TASK DETAILS:
Please return the data that follows precisely as written, but without the images.

Segment Open

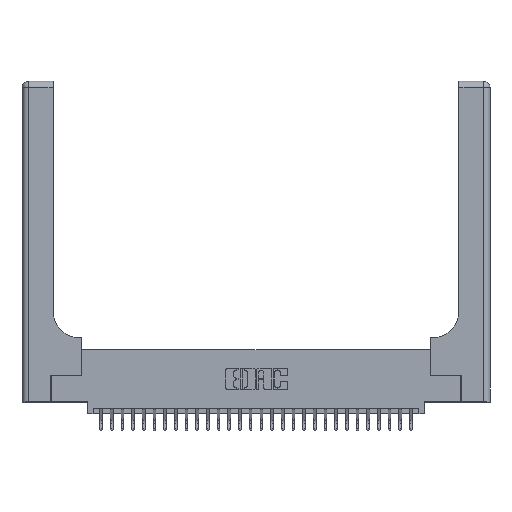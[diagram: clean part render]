
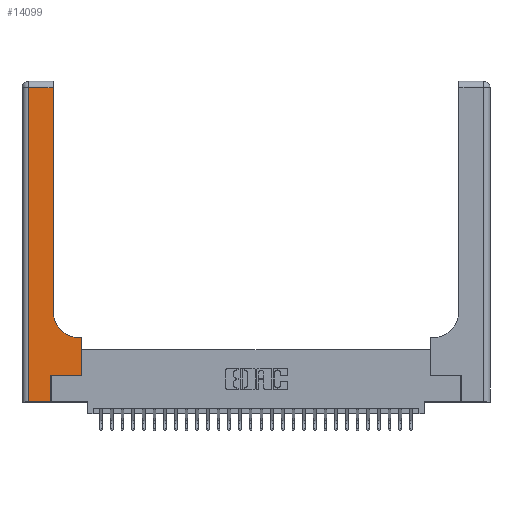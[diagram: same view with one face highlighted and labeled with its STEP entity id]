
A CAD part, top view. The second image highlights one B-rep face of the part: STEP entity #14099.
In plain terms, the highlighted planar face has unit normal (0, 0, 1).
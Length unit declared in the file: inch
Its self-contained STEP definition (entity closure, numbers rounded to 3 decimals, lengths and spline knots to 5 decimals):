
#39 = LINE ( 'NONE', #25909, #23855 ) ;
#58 = CARTESIAN_POINT ( 'NONE',  ( 0.06, 0., 0.37 ) ) ;
#113 = VECTOR ( 'NONE', #16463, 39.37008 ) ;
#1558 = VECTOR ( 'NONE', #6665, 39.37008 ) ;
#1596 = VERTEX_POINT ( 'NONE', #23130 ) ;
#1624 = DIRECTION ( 'NONE',  ( -1., 0., 0. ) ) ;
#1738 = VECTOR ( 'NONE', #28482, 39.37008 ) ;
#2028 = DIRECTION ( 'NONE',  ( 1., 0., 0. ) ) ;
#2813 = CARTESIAN_POINT ( 'NONE',  ( 0.5585, 0.25, 0.37 ) ) ;
#3029 = CARTESIAN_POINT ( 'NONE',  ( 0.2915, 2.94, 0.37 ) ) ;
#3333 = DIRECTION ( 'NONE',  ( 1., 0., 0. ) ) ;
#4281 = ORIENTED_EDGE ( 'NONE', *, *, #22643, .T. ) ;
#4354 = CARTESIAN_POINT ( 'NONE',  ( 0., 3., 0.37 ) ) ;
#4642 = CARTESIAN_POINT ( 'NONE',  ( 0.06, 3., 0.37 ) ) ;
#5256 = EDGE_CURVE ( 'NONE', #12266, #30336, #18327, .T. ) ;
#6539 = VERTEX_POINT ( 'NONE', #16610 ) ;
#6650 = EDGE_CURVE ( 'NONE', #18668, #1596, #18240, .T. ) ;
#6661 = CARTESIAN_POINT ( 'NONE',  ( 0.06, 2.94, 0.37 ) ) ;
#6665 = DIRECTION ( 'NONE',  ( 1., 0., 0. ) ) ;
#7474 = DIRECTION ( 'NONE',  ( 0., 1., 0. ) ) ;
#8276 = LINE ( 'NONE', #12142, #13850 ) ;
#8601 = VECTOR ( 'NONE', #3333, 39.37008 ) ;
#8695 = ORIENTED_EDGE ( 'NONE', *, *, #30204, .T. ) ;
#8963 = FACE_OUTER_BOUND ( 'NONE', #24232, .T. ) ;
#9005 = EDGE_CURVE ( 'NONE', #6539, #11953, #17337, .T. ) ;
#9995 = VERTEX_POINT ( 'NONE', #27708 ) ;
#10311 = CARTESIAN_POINT ( 'NONE',  ( 0.2915, 0.85, 0.37 ) ) ;
#11898 = CARTESIAN_POINT ( 'NONE',  ( 0.269, 0., 0.37 ) ) ;
#11953 = VERTEX_POINT ( 'NONE', #10311 ) ;
#12142 = CARTESIAN_POINT ( 'NONE',  ( 0.269, 0., 0.37 ) ) ;
#12266 = VERTEX_POINT ( 'NONE', #6661 ) ;
#12490 = EDGE_CURVE ( 'NONE', #24492, #9995, #8276, .T. ) ;
#13835 = EDGE_CURVE ( 'NONE', #9995, #18668, #14928, .T. ) ;
#13850 = VECTOR ( 'NONE', #7474, 39.37008 ) ;
#13875 = DIRECTION ( 'NONE',  ( -1., 0., 0. ) ) ;
#13979 = DIRECTION ( 'NONE',  ( 0., 1., 0. ) ) ;
#14099 = ADVANCED_FACE ( 'NONE', ( #8963 ), #18609, .F. ) ;
#14325 = LINE ( 'NONE', #26140, #1738 ) ;
#14928 = LINE ( 'NONE', #24785, #8601 ) ;
#15585 = ORIENTED_EDGE ( 'NONE', *, *, #18946, .T. ) ;
#15954 = ORIENTED_EDGE ( 'NONE', *, *, #13835, .T. ) ;
#16241 = DIRECTION ( 'NONE',  ( 0., 0., -1. ) ) ;
#16463 = DIRECTION ( 'NONE',  ( 0., -1., 0. ) ) ;
#16610 = CARTESIAN_POINT ( 'NONE',  ( 0.5415, 0.6, 0.37 ) ) ;
#17337 = CIRCLE ( 'NONE', #23734, 0.25 ) ;
#17558 = LINE ( 'NONE', #30053, #23173 ) ;
#18016 = AXIS2_PLACEMENT_3D ( 'NONE', #4354, #28134, #13875 ) ;
#18240 = LINE ( 'NONE', #2813, #24576 ) ;
#18327 = LINE ( 'NONE', #4642, #113 ) ;
#18507 = ORIENTED_EDGE ( 'NONE', *, *, #12490, .T. ) ;
#18550 = CARTESIAN_POINT ( 'NONE',  ( 0., 0., 0.37 ) ) ;
#18609 = PLANE ( 'NONE',  #18016 ) ;
#18668 = VERTEX_POINT ( 'NONE', #27179 ) ;
#18946 = EDGE_CURVE ( 'NONE', #1596, #6539, #14325, .T. ) ;
#19469 = DIRECTION ( 'NONE',  ( 0., 1., 0. ) ) ;
#20518 = LINE ( 'NONE', #18550, #1558 ) ;
#20888 = VERTEX_POINT ( 'NONE', #3029 ) ;
#21800 = ORIENTED_EDGE ( 'NONE', *, *, #24425, .T. ) ;
#22643 = EDGE_CURVE ( 'NONE', #20888, #12266, #17558, .T. ) ;
#23130 = CARTESIAN_POINT ( 'NONE',  ( 0.5585, 0.6, 0.37 ) ) ;
#23173 = VECTOR ( 'NONE', #1624, 39.37008 ) ;
#23488 = ORIENTED_EDGE ( 'NONE', *, *, #9005, .T. ) ;
#23734 = AXIS2_PLACEMENT_3D ( 'NONE', #30457, #16241, #2028 ) ;
#23855 = VECTOR ( 'NONE', #13979, 39.37008 ) ;
#24232 = EDGE_LOOP ( 'NONE', ( #21800, #4281, #26126, #8695, #18507, #15954, #26813, #15585, #23488 ) ) ;
#24425 = EDGE_CURVE ( 'NONE', #11953, #20888, #39, .T. ) ;
#24492 = VERTEX_POINT ( 'NONE', #11898 ) ;
#24576 = VECTOR ( 'NONE', #19469, 39.37008 ) ;
#24785 = CARTESIAN_POINT ( 'NONE',  ( 0.269, 0.25, 0.37 ) ) ;
#25909 = CARTESIAN_POINT ( 'NONE',  ( 0.2915, 3., 0.37 ) ) ;
#26126 = ORIENTED_EDGE ( 'NONE', *, *, #5256, .T. ) ;
#26140 = CARTESIAN_POINT ( 'NONE',  ( 0.2915, 0.6, 0.37 ) ) ;
#26813 = ORIENTED_EDGE ( 'NONE', *, *, #6650, .T. ) ;
#27179 = CARTESIAN_POINT ( 'NONE',  ( 0.5585, 0.25, 0.37 ) ) ;
#27708 = CARTESIAN_POINT ( 'NONE',  ( 0.269, 0.25, 0.37 ) ) ;
#28134 = DIRECTION ( 'NONE',  ( 0., 0., -1. ) ) ;
#28482 = DIRECTION ( 'NONE',  ( -1., 0., 0. ) ) ;
#30053 = CARTESIAN_POINT ( 'NONE',  ( 0., 2.94, 0.37 ) ) ;
#30204 = EDGE_CURVE ( 'NONE', #30336, #24492, #20518, .T. ) ;
#30336 = VERTEX_POINT ( 'NONE', #58 ) ;
#30457 = CARTESIAN_POINT ( 'NONE',  ( 0.5415, 0.85, 0.37 ) ) ;

Segment Closed

FINISHED EXERCISE:
[diagram: clean part render]
[diagram: same view with one face highlighted and labeled with its STEP entity id]
A CAD part, top view. The second image highlights one B-rep face of the part: STEP entity #14099.
In plain terms, the highlighted planar face has unit normal (0, 0, 1).
Length unit declared in the file: inch
Its self-contained STEP definition (entity closure, numbers rounded to 3 decimals, lengths and spline knots to 5 decimals):
#39 = LINE ( 'NONE', #25909, #23855 ) ;
#58 = CARTESIAN_POINT ( 'NONE',  ( 0.06, 0., 0.37 ) ) ;
#113 = VECTOR ( 'NONE', #16463, 39.37008 ) ;
#1558 = VECTOR ( 'NONE', #6665, 39.37008 ) ;
#1596 = VERTEX_POINT ( 'NONE', #23130 ) ;
#1624 = DIRECTION ( 'NONE',  ( -1., 0., 0. ) ) ;
#1738 = VECTOR ( 'NONE', #28482, 39.37008 ) ;
#2028 = DIRECTION ( 'NONE',  ( 1., 0., 0. ) ) ;
#2813 = CARTESIAN_POINT ( 'NONE',  ( 0.5585, 0.25, 0.37 ) ) ;
#3029 = CARTESIAN_POINT ( 'NONE',  ( 0.2915, 2.94, 0.37 ) ) ;
#3333 = DIRECTION ( 'NONE',  ( 1., 0., 0. ) ) ;
#4281 = ORIENTED_EDGE ( 'NONE', *, *, #22643, .T. ) ;
#4354 = CARTESIAN_POINT ( 'NONE',  ( 0., 3., 0.37 ) ) ;
#4642 = CARTESIAN_POINT ( 'NONE',  ( 0.06, 3., 0.37 ) ) ;
#5256 = EDGE_CURVE ( 'NONE', #12266, #30336, #18327, .T. ) ;
#6539 = VERTEX_POINT ( 'NONE', #16610 ) ;
#6650 = EDGE_CURVE ( 'NONE', #18668, #1596, #18240, .T. ) ;
#6661 = CARTESIAN_POINT ( 'NONE',  ( 0.06, 2.94, 0.37 ) ) ;
#6665 = DIRECTION ( 'NONE',  ( 1., 0., 0. ) ) ;
#7474 = DIRECTION ( 'NONE',  ( 0., 1., 0. ) ) ;
#8276 = LINE ( 'NONE', #12142, #13850 ) ;
#8601 = VECTOR ( 'NONE', #3333, 39.37008 ) ;
#8695 = ORIENTED_EDGE ( 'NONE', *, *, #30204, .T. ) ;
#8963 = FACE_OUTER_BOUND ( 'NONE', #24232, .T. ) ;
#9005 = EDGE_CURVE ( 'NONE', #6539, #11953, #17337, .T. ) ;
#9995 = VERTEX_POINT ( 'NONE', #27708 ) ;
#10311 = CARTESIAN_POINT ( 'NONE',  ( 0.2915, 0.85, 0.37 ) ) ;
#11898 = CARTESIAN_POINT ( 'NONE',  ( 0.269, 0., 0.37 ) ) ;
#11953 = VERTEX_POINT ( 'NONE', #10311 ) ;
#12142 = CARTESIAN_POINT ( 'NONE',  ( 0.269, 0., 0.37 ) ) ;
#12266 = VERTEX_POINT ( 'NONE', #6661 ) ;
#12490 = EDGE_CURVE ( 'NONE', #24492, #9995, #8276, .T. ) ;
#13835 = EDGE_CURVE ( 'NONE', #9995, #18668, #14928, .T. ) ;
#13850 = VECTOR ( 'NONE', #7474, 39.37008 ) ;
#13875 = DIRECTION ( 'NONE',  ( -1., 0., 0. ) ) ;
#13979 = DIRECTION ( 'NONE',  ( 0., 1., 0. ) ) ;
#14099 = ADVANCED_FACE ( 'NONE', ( #8963 ), #18609, .F. ) ;
#14325 = LINE ( 'NONE', #26140, #1738 ) ;
#14928 = LINE ( 'NONE', #24785, #8601 ) ;
#15585 = ORIENTED_EDGE ( 'NONE', *, *, #18946, .T. ) ;
#15954 = ORIENTED_EDGE ( 'NONE', *, *, #13835, .T. ) ;
#16241 = DIRECTION ( 'NONE',  ( 0., 0., -1. ) ) ;
#16463 = DIRECTION ( 'NONE',  ( 0., -1., 0. ) ) ;
#16610 = CARTESIAN_POINT ( 'NONE',  ( 0.5415, 0.6, 0.37 ) ) ;
#17337 = CIRCLE ( 'NONE', #23734, 0.25 ) ;
#17558 = LINE ( 'NONE', #30053, #23173 ) ;
#18016 = AXIS2_PLACEMENT_3D ( 'NONE', #4354, #28134, #13875 ) ;
#18240 = LINE ( 'NONE', #2813, #24576 ) ;
#18327 = LINE ( 'NONE', #4642, #113 ) ;
#18507 = ORIENTED_EDGE ( 'NONE', *, *, #12490, .T. ) ;
#18550 = CARTESIAN_POINT ( 'NONE',  ( 0., 0., 0.37 ) ) ;
#18609 = PLANE ( 'NONE',  #18016 ) ;
#18668 = VERTEX_POINT ( 'NONE', #27179 ) ;
#18946 = EDGE_CURVE ( 'NONE', #1596, #6539, #14325, .T. ) ;
#19469 = DIRECTION ( 'NONE',  ( 0., 1., 0. ) ) ;
#20518 = LINE ( 'NONE', #18550, #1558 ) ;
#20888 = VERTEX_POINT ( 'NONE', #3029 ) ;
#21800 = ORIENTED_EDGE ( 'NONE', *, *, #24425, .T. ) ;
#22643 = EDGE_CURVE ( 'NONE', #20888, #12266, #17558, .T. ) ;
#23130 = CARTESIAN_POINT ( 'NONE',  ( 0.5585, 0.6, 0.37 ) ) ;
#23173 = VECTOR ( 'NONE', #1624, 39.37008 ) ;
#23488 = ORIENTED_EDGE ( 'NONE', *, *, #9005, .T. ) ;
#23734 = AXIS2_PLACEMENT_3D ( 'NONE', #30457, #16241, #2028 ) ;
#23855 = VECTOR ( 'NONE', #13979, 39.37008 ) ;
#24232 = EDGE_LOOP ( 'NONE', ( #21800, #4281, #26126, #8695, #18507, #15954, #26813, #15585, #23488 ) ) ;
#24425 = EDGE_CURVE ( 'NONE', #11953, #20888, #39, .T. ) ;
#24492 = VERTEX_POINT ( 'NONE', #11898 ) ;
#24576 = VECTOR ( 'NONE', #19469, 39.37008 ) ;
#24785 = CARTESIAN_POINT ( 'NONE',  ( 0.269, 0.25, 0.37 ) ) ;
#25909 = CARTESIAN_POINT ( 'NONE',  ( 0.2915, 3., 0.37 ) ) ;
#26126 = ORIENTED_EDGE ( 'NONE', *, *, #5256, .T. ) ;
#26140 = CARTESIAN_POINT ( 'NONE',  ( 0.2915, 0.6, 0.37 ) ) ;
#26813 = ORIENTED_EDGE ( 'NONE', *, *, #6650, .T. ) ;
#27179 = CARTESIAN_POINT ( 'NONE',  ( 0.5585, 0.25, 0.37 ) ) ;
#27708 = CARTESIAN_POINT ( 'NONE',  ( 0.269, 0.25, 0.37 ) ) ;
#28134 = DIRECTION ( 'NONE',  ( 0., 0., -1. ) ) ;
#28482 = DIRECTION ( 'NONE',  ( -1., 0., 0. ) ) ;
#30053 = CARTESIAN_POINT ( 'NONE',  ( 0., 2.94, 0.37 ) ) ;
#30204 = EDGE_CURVE ( 'NONE', #30336, #24492, #20518, .T. ) ;
#30336 = VERTEX_POINT ( 'NONE', #58 ) ;
#30457 = CARTESIAN_POINT ( 'NONE',  ( 0.5415, 0.85, 0.37 ) ) ;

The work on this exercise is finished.